Implikationen für Anleger
Klassische fundamentale und volkswirtschaftliche Zusammenhänge spielen bei der Kursfindung an den internationalen Kapitalmärkten derzeit nur noch eine untergeordnete Rolle. Weitaus mehr Beachtung finden geld- und fiskalpolitische Ankündigungen, v.a. wenn es sich um Konjunkturpakete, Wertpapierkaufprogramme oder langfristig angekündigte geldpolitische Ausrichtungen geht. Und tatsächlich sind es derzeit ja auch vor allem diese Stützungsmaßnahmen, die einen noch heftigeren Einbruch der Weltkonjunktur und der Börsennotierungen verhindert haben. Allerdings wurden besonders an den Aktienmärkten mittlerweile teilweise historisch hohe Bewertungsmaßstäbe erreicht. Trotzdem agieren Anleger nicht irrational, wenn sie weiterhin Aktien kaufen, denn ein nahe der Nulllinie manifestiertes Zinsniveau rechtfertigt eben auch höhere Kursniveaus bei zinssensitiven Anlageklassen, wie Aktien oder Immobilien, die zudem auch noch positive Cash-Flows generieren.
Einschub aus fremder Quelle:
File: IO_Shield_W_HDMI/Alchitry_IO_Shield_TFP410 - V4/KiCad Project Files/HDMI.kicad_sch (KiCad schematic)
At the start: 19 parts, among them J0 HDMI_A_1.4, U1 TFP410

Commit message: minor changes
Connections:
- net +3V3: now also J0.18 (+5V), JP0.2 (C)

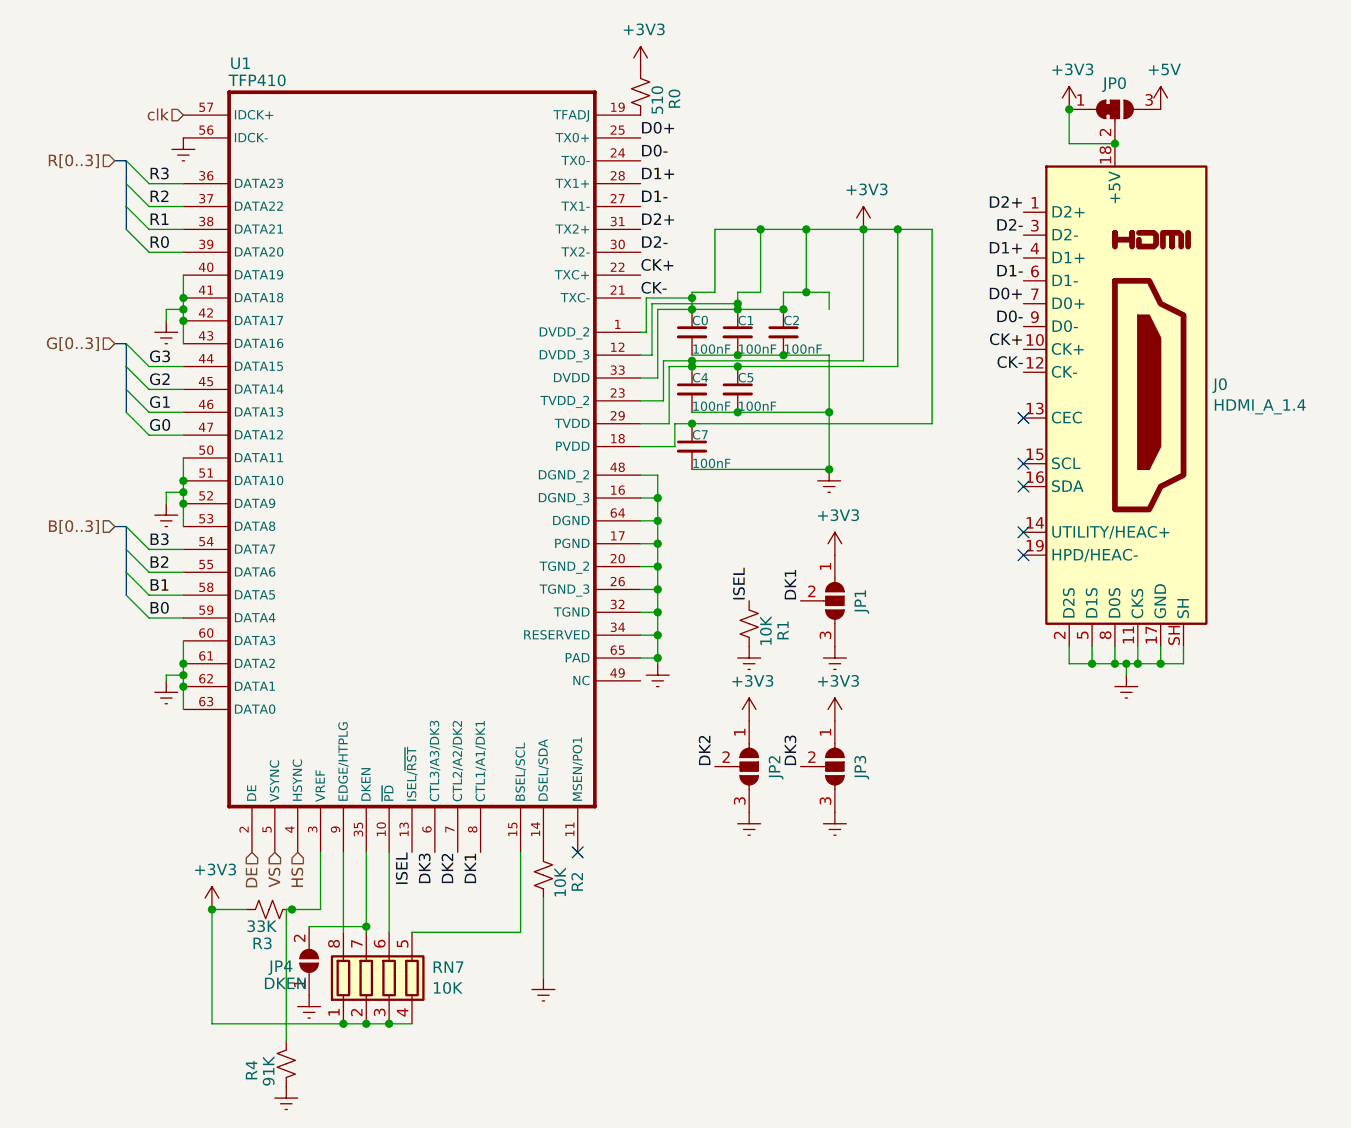
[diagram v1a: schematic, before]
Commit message: updated shield v4 schematic
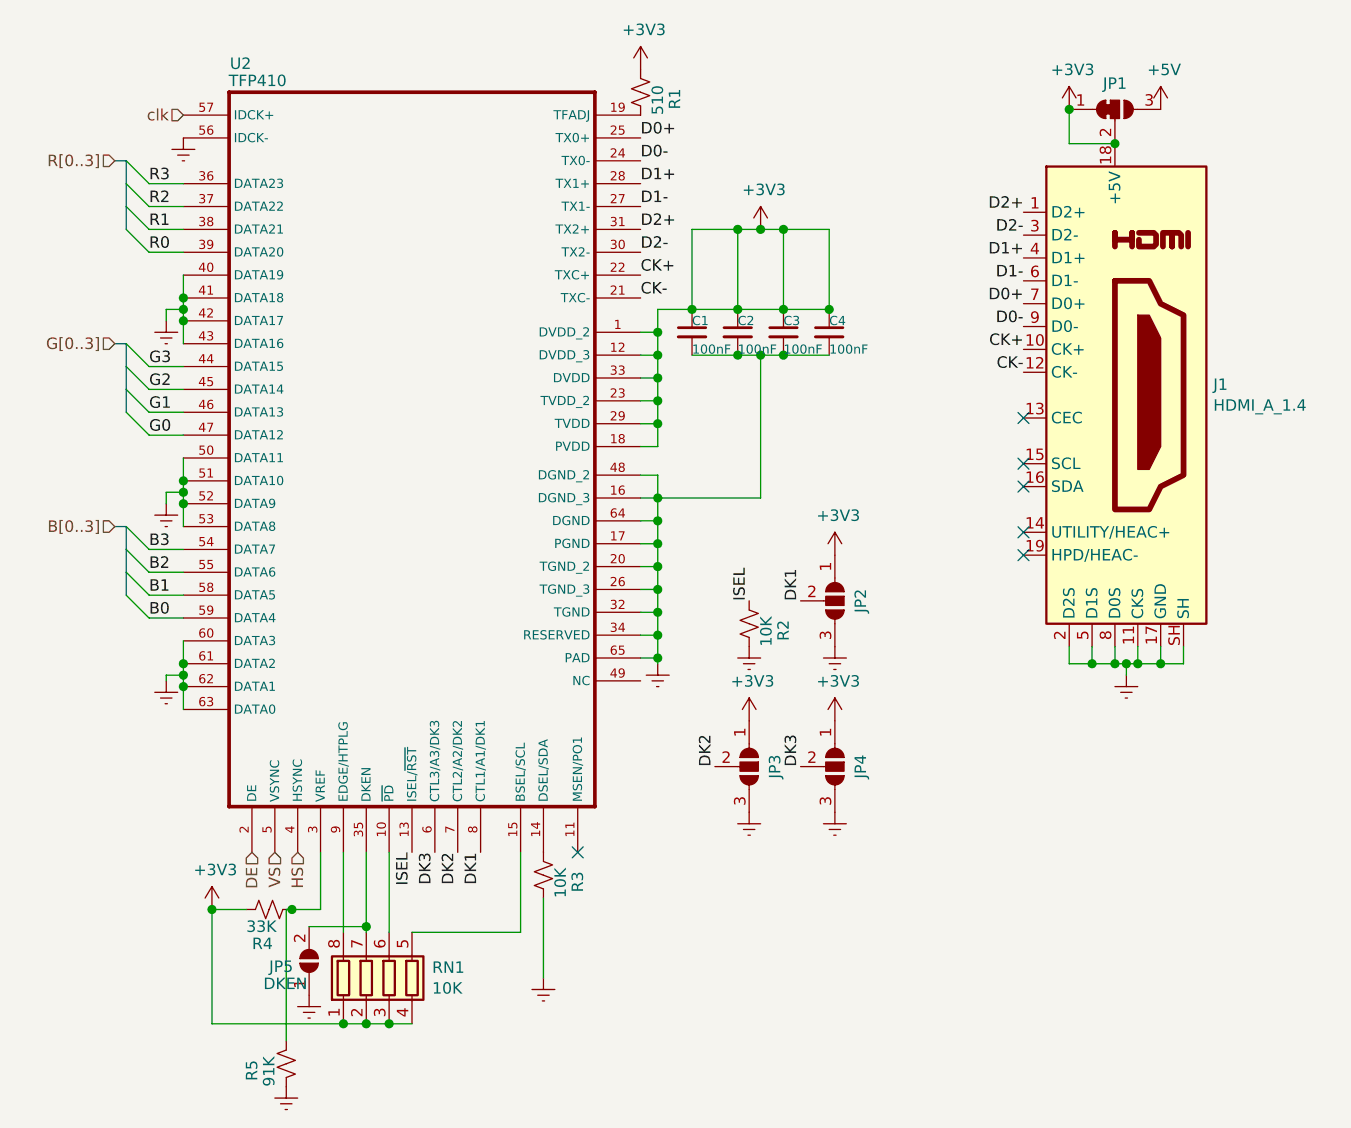
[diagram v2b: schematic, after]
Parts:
- removed C4, C5: 100nF, Capacitor_SMD:C_0603_1608Metric_Pad1.05x0.95mm_HandSolder, symbol Device:C_Small
- C1: renamed from C0; footprint Capacitor_SMD:C_0603_1608Metric_Pad1.05x0.95mm_HandSolder -> Capacitor_SMD:C_0603_1608Metric
- C2: renamed from C1; footprint Capacitor_SMD:C_0603_1608Metric_Pad1.05x0.95mm_HandSolder -> Capacitor_SMD:C_0603_1608Metric
- C3: renamed from C2; footprint Capacitor_SMD:C_0603_1608Metric_Pad1.05x0.95mm_HandSolder -> Capacitor_SMD:C_0603_1608Metric
- C4: renamed from C7; footprint Capacitor_SMD:C_0603_1608Metric_Pad1.05x0.95mm_HandSolder -> Capacitor_SMD:C_0603_1608Metric
- R1: renamed from R0; footprint Resistor_SMD:R_0603_1608Metric_Pad1.05x0.95mm_HandSolder -> Resistor_SMD:R_0603_1608Metric
- renumbered J0 to J1, JP0 to JP1, JP1 to JP2, JP2 to JP3, JP3 to JP4, JP4 to JP5, R1 to R2, R2 to R3, R3 to R4, R4 to R5, RN7 to RN1, U1 to U2
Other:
- moved on the sheet: C4

Es ist zwar davon auszugehen, dass manche Notierung künftig auch einmal wieder deutlich korrigieren wird – dafür sprechen allein schon technische Signale wie sehr hohe Abstände zu langfristigen Durchschnitten. Damit dürfte sich die für Aktienmärkte übliche Schwankungsbreite nach unten auch wieder einmal zeigen. Grundsätzlich bleiben aber alle realen Kapitalanlagen inkl. Edelmetallen durch die Niedrigzinsen unterstützt, während Zinsanlagen selbst immer mehr als attraktiver Renditebaustein ausfallen.